# What the exercise asks
Repeat nothing but the lines below running from the one containing "#3=PRODUCT_CONTEXT('',#1,'mechanical');" to the one containing "#8=PRODUCT_DEFINITION('design','',#6,#7);". Keep both end lines.

>>

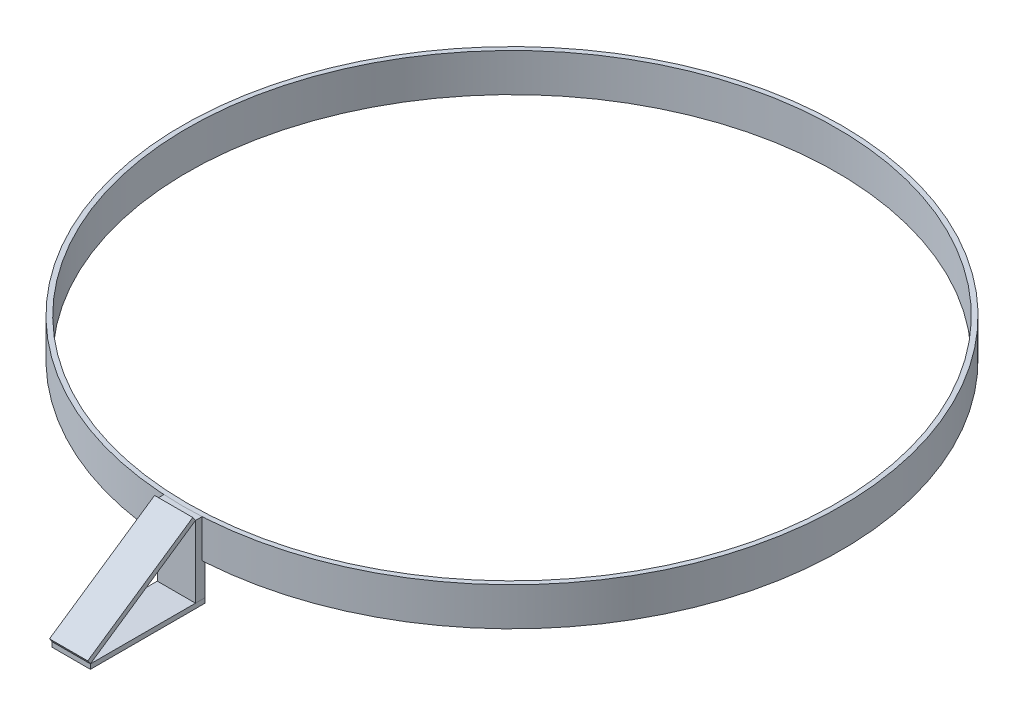
ISO-10303-21;
HEADER;
FILE_DESCRIPTION(('STEP AP214'),'2;1');
FILE_NAME('part.step','',(''),(''),'','','');
FILE_SCHEMA(('AUTOMOTIVE_DESIGN { 1 0 10303 214 1 1 1 1 }'));
ENDSEC;
DATA;
#1=APPLICATION_CONTEXT('core data for automotive mechanical design processes');
#2=APPLICATION_PROTOCOL_DEFINITION('international standard','automotive_design',2000,#1);
#3=PRODUCT_CONTEXT('',#1,'mechanical');
#4=PRODUCT('Part','Part','',(#3));
#5=PRODUCT_RELATED_PRODUCT_CATEGORY('part','',(#4));
#6=PRODUCT_DEFINITION_FORMATION('','',#4);
#7=PRODUCT_DEFINITION_CONTEXT('part definition',#1,'design');
#8=PRODUCT_DEFINITION('design','',#6,#7);
#9=PRODUCT_DEFINITION_SHAPE('','',#8);
#10=(LENGTH_UNIT() NAMED_UNIT(*) SI_UNIT(.MILLI.,.METRE.));
#11=(NAMED_UNIT(*) PLANE_ANGLE_UNIT() SI_UNIT($,.RADIAN.));
#12=(NAMED_UNIT(*) SI_UNIT($,.STERADIAN.) SOLID_ANGLE_UNIT());
#13=UNCERTAINTY_MEASURE_WITH_UNIT(LENGTH_MEASURE(1.E-05),#10,'distance_accuracy_value','');
#14=(GEOMETRIC_REPRESENTATION_CONTEXT(3) GLOBAL_UNCERTAINTY_ASSIGNED_CONTEXT((#13)) GLOBAL_UNIT_ASSIGNED_CONTEXT((#10,
#11,#12)) REPRESENTATION_CONTEXT('',''));
#15=CARTESIAN_POINT('',(0.,0.,0.));
#16=DIRECTION('',(0.,0.,1.));
#17=DIRECTION('',(1.,0.,0.));
#18=AXIS2_PLACEMENT_3D('',#15,#16,#17);
#19=CARTESIAN_POINT('',(12.7,28.023271813414,224.89497485237));
#20=DIRECTION('',(0.,-0.56333682464151,0.826227342807548));
#21=DIRECTION('',(0.,-0.826227342807548,-0.56333682464151));
#22=AXIS2_PLACEMENT_3D('',#19,#20,#21);
#23=PLANE('',#22);
#24=DIRECTION('',(-1.,0.,0.));
#25=VECTOR('',#24,1.);
#26=CARTESIAN_POINT('',(12.7,25.4,223.106380434133));
#27=LINE('',#26,#25);
#28=CARTESIAN_POINT('',(12.7,25.4,223.106380434133));
#29=VERTEX_POINT('',#28);
#30=CARTESIAN_POINT('',(-12.7,25.4,223.106380434133));
#31=VERTEX_POINT('',#30);
#32=EDGE_CURVE('E107',#29,#31,#27,.T.);
#33=ORIENTED_EDGE('',*,*,#32,.T.);
#34=DIRECTION('',(0.,-0.826227342807548,-0.56333682464151));
#35=VECTOR('',#34,1.);
#36=CARTESIAN_POINT('',(-12.7,28.023271813414,224.89497485237));
#37=LINE('',#36,#35);
#38=CARTESIAN_POINT('',(-12.7,28.023271813414,224.89497485237));
#39=VERTEX_POINT('',#38);
#40=EDGE_CURVE('E12',#39,#31,#37,.T.);
#41=ORIENTED_EDGE('',*,*,#40,.F.);
#42=DIRECTION('',(-1.,0.,0.));
#43=VECTOR('',#42,1.);
#44=CARTESIAN_POINT('',(12.7,28.023271813414,224.89497485237));
#45=LINE('',#44,#43);
#46=CARTESIAN_POINT('',(12.7,28.023271813414,224.89497485237));
#47=VERTEX_POINT('',#46);
#48=EDGE_CURVE('E95',#47,#39,#45,.T.);
#49=ORIENTED_EDGE('',*,*,#48,.F.);
#50=DIRECTION('',(0.,-0.826227342807548,-0.56333682464151));
#51=VECTOR('',#50,1.);
#52=CARTESIAN_POINT('',(12.7,28.023271813414,224.89497485237));
#53=LINE('',#52,#51);
#54=EDGE_CURVE('E103',#47,#29,#53,.T.);
#55=ORIENTED_EDGE('',*,*,#54,.T.);
#56=EDGE_LOOP('',(#33,#41,#49,#55));
#57=FACE_BOUND('',#56,.T.);
#58=ADVANCED_FACE('F44',(#57),#23,.F.);
#59=CARTESIAN_POINT('',(-12.7,28.023271813414,224.89497485237));
#60=DIRECTION('',(1.,0.,0.));
#61=DIRECTION('',(0.,0.,-1.));
#62=AXIS2_PLACEMENT_3D('',#59,#60,#61);
#63=PLANE('',#62);
#64=DIRECTION('',(0.,-0.56333682464151,0.826227342807548));
#65=VECTOR('',#64,1.);
#66=CARTESIAN_POINT('',(-12.7,25.4,223.106380434133));
#67=LINE('',#66,#65);
#68=CARTESIAN_POINT('',(-12.7,-22.225,292.956380434133));
#69=VERTEX_POINT('',#68);
#70=EDGE_CURVE('E99',#31,#69,#67,.T.);
#71=ORIENTED_EDGE('',*,*,#70,.T.);
#72=DIRECTION('',(0.,-0.826227342807548,-0.56333682464151));
#73=VECTOR('',#72,1.);
#74=CARTESIAN_POINT('',(-12.7,-19.601728186586,294.74497485237));
#75=LINE('',#74,#73);
#76=CARTESIAN_POINT('',(-12.7,-19.601728186586,294.74497485237));
#77=VERTEX_POINT('',#76);
#78=EDGE_CURVE('E52',#77,#69,#75,.T.);
#79=ORIENTED_EDGE('',*,*,#78,.F.);
#80=DIRECTION('',(0.,-0.56333682464151,0.826227342807548));
#81=VECTOR('',#80,1.);
#82=CARTESIAN_POINT('',(-12.7,28.023271813414,224.89497485237));
#83=LINE('',#82,#81);
#84=EDGE_CURVE('E90',#39,#77,#83,.T.);
#85=ORIENTED_EDGE('',*,*,#84,.F.);
#86=ORIENTED_EDGE('',*,*,#40,.T.);
#87=EDGE_LOOP('',(#71,#79,#85,#86));
#88=FACE_BOUND('',#87,.T.);
#89=ADVANCED_FACE('F98',(#88),#63,.F.);
#90=CARTESIAN_POINT('',(12.7,-19.601728186586,294.74497485237));
#91=DIRECTION('',(0.,0.56333682464151,-0.826227342807548));
#92=DIRECTION('',(0.,0.826227342807548,0.56333682464151));
#93=AXIS2_PLACEMENT_3D('',#90,#91,#92);
#94=PLANE('',#93);
#95=DIRECTION('',(1.,0.,0.));
#96=VECTOR('',#95,1.);
#97=CARTESIAN_POINT('',(12.7,-22.225,292.956380434133));
#98=LINE('',#97,#96);
#99=CARTESIAN_POINT('',(12.7,-22.225,292.956380434133));
#100=VERTEX_POINT('',#99);
#101=EDGE_CURVE('E77',#69,#100,#98,.T.);
#102=ORIENTED_EDGE('',*,*,#101,.T.);
#103=DIRECTION('',(0.,-0.826227342807548,-0.56333682464151));
#104=VECTOR('',#103,1.);
#105=CARTESIAN_POINT('',(12.7,-19.601728186586,294.74497485237));
#106=LINE('',#105,#104);
#107=CARTESIAN_POINT('',(12.7,-19.601728186586,294.74497485237));
#108=VERTEX_POINT('',#107);
#109=EDGE_CURVE('E100',#108,#100,#106,.T.);
#110=ORIENTED_EDGE('',*,*,#109,.F.);
#111=DIRECTION('',(1.,0.,0.));
#112=VECTOR('',#111,1.);
#113=CARTESIAN_POINT('',(12.7,-19.601728186586,294.74497485237));
#114=LINE('',#113,#112);
#115=EDGE_CURVE('E93',#77,#108,#114,.T.);
#116=ORIENTED_EDGE('',*,*,#115,.F.);
#117=ORIENTED_EDGE('',*,*,#78,.T.);
#118=EDGE_LOOP('',(#102,#110,#116,#117));
#119=FACE_BOUND('',#118,.T.);
#120=ADVANCED_FACE('F101',(#119),#94,.F.);
#121=CARTESIAN_POINT('',(12.7,28.023271813414,224.89497485237));
#122=DIRECTION('',(-1.,0.,0.));
#123=DIRECTION('',(0.,0.,1.));
#124=AXIS2_PLACEMENT_3D('',#121,#122,#123);
#125=PLANE('',#124);
#126=DIRECTION('',(0.,0.56333682464151,-0.826227342807548));
#127=VECTOR('',#126,1.);
#128=CARTESIAN_POINT('',(12.7,25.4,223.106380434133));
#129=LINE('',#128,#127);
#130=EDGE_CURVE('E83',#100,#29,#129,.T.);
#131=ORIENTED_EDGE('',*,*,#130,.T.);
#132=ORIENTED_EDGE('',*,*,#54,.F.);
#133=DIRECTION('',(0.,0.56333682464151,-0.826227342807548));
#134=VECTOR('',#133,1.);
#135=CARTESIAN_POINT('',(12.7,28.023271813414,224.89497485237));
#136=LINE('',#135,#134);
#137=EDGE_CURVE('E60',#108,#47,#136,.T.);
#138=ORIENTED_EDGE('',*,*,#137,.F.);
#139=ORIENTED_EDGE('',*,*,#109,.T.);
#140=EDGE_LOOP('',(#131,#132,#138,#139));
#141=FACE_BOUND('',#140,.T.);
#142=ADVANCED_FACE('F114',(#141),#125,.F.);
#143=CARTESIAN_POINT('',(0.,123.80621334129,84.413327278152));
#144=DIRECTION('',(0.,0.826227342807548,0.56333682464151));
#145=DIRECTION('',(0.,-0.56333682464151,0.826227342807548));
#146=AXIS2_PLACEMENT_3D('',#143,#144,#145);
#147=PLANE('',#146);
#148=ORIENTED_EDGE('',*,*,#48,.T.);
#149=ORIENTED_EDGE('',*,*,#84,.T.);
#150=ORIENTED_EDGE('',*,*,#115,.T.);
#151=ORIENTED_EDGE('',*,*,#137,.T.);
#152=EDGE_LOOP('',(#148,#149,#150,#151));
#153=FACE_BOUND('',#152,.T.);
#154=ADVANCED_FACE('F91',(#153),#147,.T.);
#155=CARTESIAN_POINT('',(0.,121.182941527876,82.6247328599152));
#156=DIRECTION('',(0.,0.826227342807548,0.56333682464151));
#157=DIRECTION('',(0.,-0.56333682464151,0.826227342807548));
#158=AXIS2_PLACEMENT_3D('',#155,#156,#157);
#159=PLANE('',#158);
#160=ORIENTED_EDGE('',*,*,#32,.F.);
#161=ORIENTED_EDGE('',*,*,#130,.F.);
#162=ORIENTED_EDGE('',*,*,#101,.F.);
#163=ORIENTED_EDGE('',*,*,#70,.F.);
#164=EDGE_LOOP('',(#160,#161,#162,#163));
#165=FACE_BOUND('',#164,.T.);
#166=ADVANCED_FACE('F117',(#165),#159,.F.);
#167=CLOSED_SHELL('',(#58,#89,#120,#142,#154,#166));
#168=MANIFOLD_SOLID_BREP('B2',#167);
#169=CARTESIAN_POINT('',(-12.7,-22.225,216.756380434133));
#170=DIRECTION('',(0.,0.,-1.));
#171=DIRECTION('',(-1.,0.,0.));
#172=AXIS2_PLACEMENT_3D('',#169,#170,#171);
#173=PLANE('',#172);
#174=DIRECTION('',(1.,0.,0.));
#175=VECTOR('',#174,1.);
#176=CARTESIAN_POINT('',(-12.7,-25.4,216.756380434133));
#177=LINE('',#176,#175);
#178=CARTESIAN_POINT('',(-12.7,-25.4,216.756380434133));
#179=VERTEX_POINT('',#178);
#180=CARTESIAN_POINT('',(12.7,-25.4,216.756380434133));
#181=VERTEX_POINT('',#180);
#182=EDGE_CURVE('E242',#179,#181,#177,.T.);
#183=ORIENTED_EDGE('',*,*,#182,.F.);
#184=DIRECTION('',(0.,-1.,0.));
#185=VECTOR('',#184,1.);
#186=CARTESIAN_POINT('',(-12.7,-22.225,216.756380434133));
#187=LINE('',#186,#185);
#188=CARTESIAN_POINT('',(-12.7,-22.225,216.756380434133));
#189=VERTEX_POINT('',#188);
#190=EDGE_CURVE('E42',#189,#179,#187,.T.);
#191=ORIENTED_EDGE('',*,*,#190,.F.);
#192=DIRECTION('',(1.,0.,0.));
#193=VECTOR('',#192,1.);
#194=CARTESIAN_POINT('',(-12.7,-22.225,216.756380434133));
#195=LINE('',#194,#193);
#196=CARTESIAN_POINT('',(12.7,-22.225,216.756380434133));
#197=VERTEX_POINT('',#196);
#198=EDGE_CURVE('E237',#189,#197,#195,.T.);
#199=ORIENTED_EDGE('',*,*,#198,.T.);
#200=DIRECTION('',(0.,-1.,0.));
#201=VECTOR('',#200,1.);
#202=CARTESIAN_POINT('',(12.7,-22.225,216.756380434133));
#203=LINE('',#202,#201);
#204=EDGE_CURVE('E180',#197,#181,#203,.T.);
#205=ORIENTED_EDGE('',*,*,#204,.T.);
#206=EDGE_LOOP('',(#183,#191,#199,#205));
#207=FACE_BOUND('',#206,.T.);
#208=ADVANCED_FACE('F177',(#207),#173,.T.);
#209=CARTESIAN_POINT('',(-12.7,-22.225,216.756380434133));
#210=DIRECTION('',(1.,0.,0.));
#211=DIRECTION('',(0.,0.,-1.));
#212=AXIS2_PLACEMENT_3D('',#209,#210,#211);
#213=PLANE('',#212);
#214=DIRECTION('',(0.,0.,1.));
#215=VECTOR('',#214,1.);
#216=CARTESIAN_POINT('',(-12.7,-25.4,216.756380434133));
#217=LINE('',#216,#215);
#218=CARTESIAN_POINT('',(-12.7,-25.4,292.956380434133));
#219=VERTEX_POINT('',#218);
#220=EDGE_CURVE('E210',#179,#219,#217,.T.);
#221=ORIENTED_EDGE('',*,*,#220,.T.);
#222=DIRECTION('',(0.,-1.,0.));
#223=VECTOR('',#222,1.);
#224=CARTESIAN_POINT('',(-12.7,-22.225,292.956380434133));
#225=LINE('',#224,#223);
#226=CARTESIAN_POINT('',(-12.7,-22.225,292.956380434133));
#227=VERTEX_POINT('',#226);
#228=EDGE_CURVE('E186',#227,#219,#225,.T.);
#229=ORIENTED_EDGE('',*,*,#228,.F.);
#230=DIRECTION('',(0.,0.,1.));
#231=VECTOR('',#230,1.);
#232=CARTESIAN_POINT('',(-12.7,-22.225,216.756380434133));
#233=LINE('',#232,#231);
#234=EDGE_CURVE('E227',#189,#227,#233,.T.);
#235=ORIENTED_EDGE('',*,*,#234,.F.);
#236=ORIENTED_EDGE('',*,*,#190,.T.);
#237=EDGE_LOOP('',(#221,#229,#235,#236));
#238=FACE_BOUND('',#237,.T.);
#239=ADVANCED_FACE('F252',(#238),#213,.F.);
#240=CARTESIAN_POINT('',(-12.7,-22.225,292.956380434133));
#241=DIRECTION('',(0.,0.,-1.));
#242=DIRECTION('',(-1.,0.,0.));
#243=AXIS2_PLACEMENT_3D('',#240,#241,#242);
#244=PLANE('',#243);
#245=DIRECTION('',(1.,0.,0.));
#246=VECTOR('',#245,1.);
#247=CARTESIAN_POINT('',(-12.7,-25.4,292.956380434133));
#248=LINE('',#247,#246);
#249=CARTESIAN_POINT('',(12.7,-25.4,292.956380434133));
#250=VERTEX_POINT('',#249);
#251=EDGE_CURVE('E234',#219,#250,#248,.T.);
#252=ORIENTED_EDGE('',*,*,#251,.T.);
#253=DIRECTION('',(0.,-1.,0.));
#254=VECTOR('',#253,1.);
#255=CARTESIAN_POINT('',(12.7,-22.225,292.956380434133));
#256=LINE('',#255,#254);
#257=CARTESIAN_POINT('',(12.7,-22.225,292.956380434133));
#258=VERTEX_POINT('',#257);
#259=EDGE_CURVE('E231',#258,#250,#256,.T.);
#260=ORIENTED_EDGE('',*,*,#259,.F.);
#261=DIRECTION('',(1.,0.,0.));
#262=VECTOR('',#261,1.);
#263=CARTESIAN_POINT('',(-12.7,-22.225,292.956380434133));
#264=LINE('',#263,#262);
#265=EDGE_CURVE('E222',#227,#258,#264,.T.);
#266=ORIENTED_EDGE('',*,*,#265,.F.);
#267=ORIENTED_EDGE('',*,*,#228,.T.);
#268=EDGE_LOOP('',(#252,#260,#266,#267));
#269=FACE_BOUND('',#268,.T.);
#270=ADVANCED_FACE('F232',(#269),#244,.F.);
#271=CARTESIAN_POINT('',(12.7,-22.225,216.756380434133));
#272=DIRECTION('',(1.,0.,0.));
#273=DIRECTION('',(0.,0.,-1.));
#274=AXIS2_PLACEMENT_3D('',#271,#272,#273);
#275=PLANE('',#274);
#276=DIRECTION('',(0.,0.,1.));
#277=VECTOR('',#276,1.);
#278=CARTESIAN_POINT('',(12.7,-25.4,216.756380434133));
#279=LINE('',#278,#277);
#280=EDGE_CURVE('E245',#181,#250,#279,.T.);
#281=ORIENTED_EDGE('',*,*,#280,.F.);
#282=ORIENTED_EDGE('',*,*,#204,.F.);
#283=DIRECTION('',(0.,0.,1.));
#284=VECTOR('',#283,1.);
#285=CARTESIAN_POINT('',(12.7,-22.225,216.756380434133));
#286=LINE('',#285,#284);
#287=EDGE_CURVE('E226',#197,#258,#286,.T.);
#288=ORIENTED_EDGE('',*,*,#287,.T.);
#289=ORIENTED_EDGE('',*,*,#259,.T.);
#290=EDGE_LOOP('',(#281,#282,#288,#289));
#291=FACE_BOUND('',#290,.T.);
#292=ADVANCED_FACE('F236',(#291),#275,.T.);
#293=CARTESIAN_POINT('',(0.,-22.225,0.));
#294=DIRECTION('',(0.,-1.,0.));
#295=DIRECTION('',(0.,0.,-1.));
#296=AXIS2_PLACEMENT_3D('',#293,#294,#295);
#297=PLANE('',#296);
#298=ORIENTED_EDGE('',*,*,#198,.F.);
#299=ORIENTED_EDGE('',*,*,#234,.T.);
#300=ORIENTED_EDGE('',*,*,#265,.T.);
#301=ORIENTED_EDGE('',*,*,#287,.F.);
#302=EDGE_LOOP('',(#298,#299,#300,#301));
#303=FACE_BOUND('',#302,.T.);
#304=ADVANCED_FACE('F225',(#303),#297,.F.);
#305=CARTESIAN_POINT('',(0.,-25.4,0.));
#306=DIRECTION('',(0.,-1.,0.));
#307=DIRECTION('',(0.,0.,-1.));
#308=AXIS2_PLACEMENT_3D('',#305,#306,#307);
#309=PLANE('',#308);
#310=ORIENTED_EDGE('',*,*,#182,.T.);
#311=ORIENTED_EDGE('',*,*,#280,.T.);
#312=ORIENTED_EDGE('',*,*,#251,.F.);
#313=ORIENTED_EDGE('',*,*,#220,.F.);
#314=EDGE_LOOP('',(#310,#311,#312,#313));
#315=FACE_BOUND('',#314,.T.);
#316=ADVANCED_FACE('F250',(#315),#309,.T.);
#317=CLOSED_SHELL('',(#208,#239,#270,#292,#304,#316));
#318=MANIFOLD_SOLID_BREP('B6',#317);
#319=CARTESIAN_POINT('',(-12.7,25.4,216.756380434133));
#320=DIRECTION('',(1.,0.,0.));
#321=DIRECTION('',(0.,0.,-1.));
#322=AXIS2_PLACEMENT_3D('',#319,#320,#321);
#323=PLANE('',#322);
#324=DIRECTION('',(0.,0.,1.));
#325=VECTOR('',#324,1.);
#326=CARTESIAN_POINT('',(-12.7,-25.4,216.756380434133));
#327=LINE('',#326,#325);
#328=CARTESIAN_POINT('',(-12.7,-25.4,216.756380434133));
#329=VERTEX_POINT('',#328);
#330=CARTESIAN_POINT('',(-12.7,-25.4,223.106380434133));
#331=VERTEX_POINT('',#330);
#332=EDGE_CURVE('E370',#329,#331,#327,.T.);
#333=ORIENTED_EDGE('',*,*,#332,.T.);
#334=DIRECTION('',(0.,-1.,0.));
#335=VECTOR('',#334,1.);
#336=CARTESIAN_POINT('',(-12.7,25.4,223.106380434133));
#337=LINE('',#336,#335);
#338=CARTESIAN_POINT('',(-12.7,25.4,223.106380434133));
#339=VERTEX_POINT('',#338);
#340=EDGE_CURVE('E175',#339,#331,#337,.T.);
#341=ORIENTED_EDGE('',*,*,#340,.F.);
#342=DIRECTION('',(0.,0.,1.));
#343=VECTOR('',#342,1.);
#344=CARTESIAN_POINT('',(-12.7,25.4,216.756380434133));
#345=LINE('',#344,#343);
#346=CARTESIAN_POINT('',(-12.7,25.4,216.756380434133));
#347=VERTEX_POINT('',#346);
#348=EDGE_CURVE('E356',#347,#339,#345,.T.);
#349=ORIENTED_EDGE('',*,*,#348,.F.);
#350=DIRECTION('',(0.,-1.,0.));
#351=VECTOR('',#350,1.);
#352=CARTESIAN_POINT('',(-12.7,25.4,216.756380434133));
#353=LINE('',#352,#351);
#354=EDGE_CURVE('E323',#347,#329,#353,.T.);
#355=ORIENTED_EDGE('',*,*,#354,.T.);
#356=EDGE_LOOP('',(#333,#341,#349,#355));
#357=FACE_BOUND('',#356,.T.);
#358=ADVANCED_FACE('F307',(#357),#323,.F.);
#359=CARTESIAN_POINT('',(-12.7,25.4,223.106380434133));
#360=DIRECTION('',(0.,0.,-1.));
#361=DIRECTION('',(-1.,0.,0.));
#362=AXIS2_PLACEMENT_3D('',#359,#360,#361);
#363=PLANE('',#362);
#364=DIRECTION('',(1.,0.,0.));
#365=VECTOR('',#364,1.);
#366=CARTESIAN_POINT('',(-12.7,-25.4,223.106380434133));
#367=LINE('',#366,#365);
#368=CARTESIAN_POINT('',(12.7,-25.4,223.106380434133));
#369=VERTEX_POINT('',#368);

<<

# Task output
#3=PRODUCT_CONTEXT('',#1,'mechanical');
#4=PRODUCT('Part','Part','',(#3));
#5=PRODUCT_RELATED_PRODUCT_CATEGORY('part','',(#4));
#6=PRODUCT_DEFINITION_FORMATION('','',#4);
#7=PRODUCT_DEFINITION_CONTEXT('part definition',#1,'design');
#8=PRODUCT_DEFINITION('design','',#6,#7);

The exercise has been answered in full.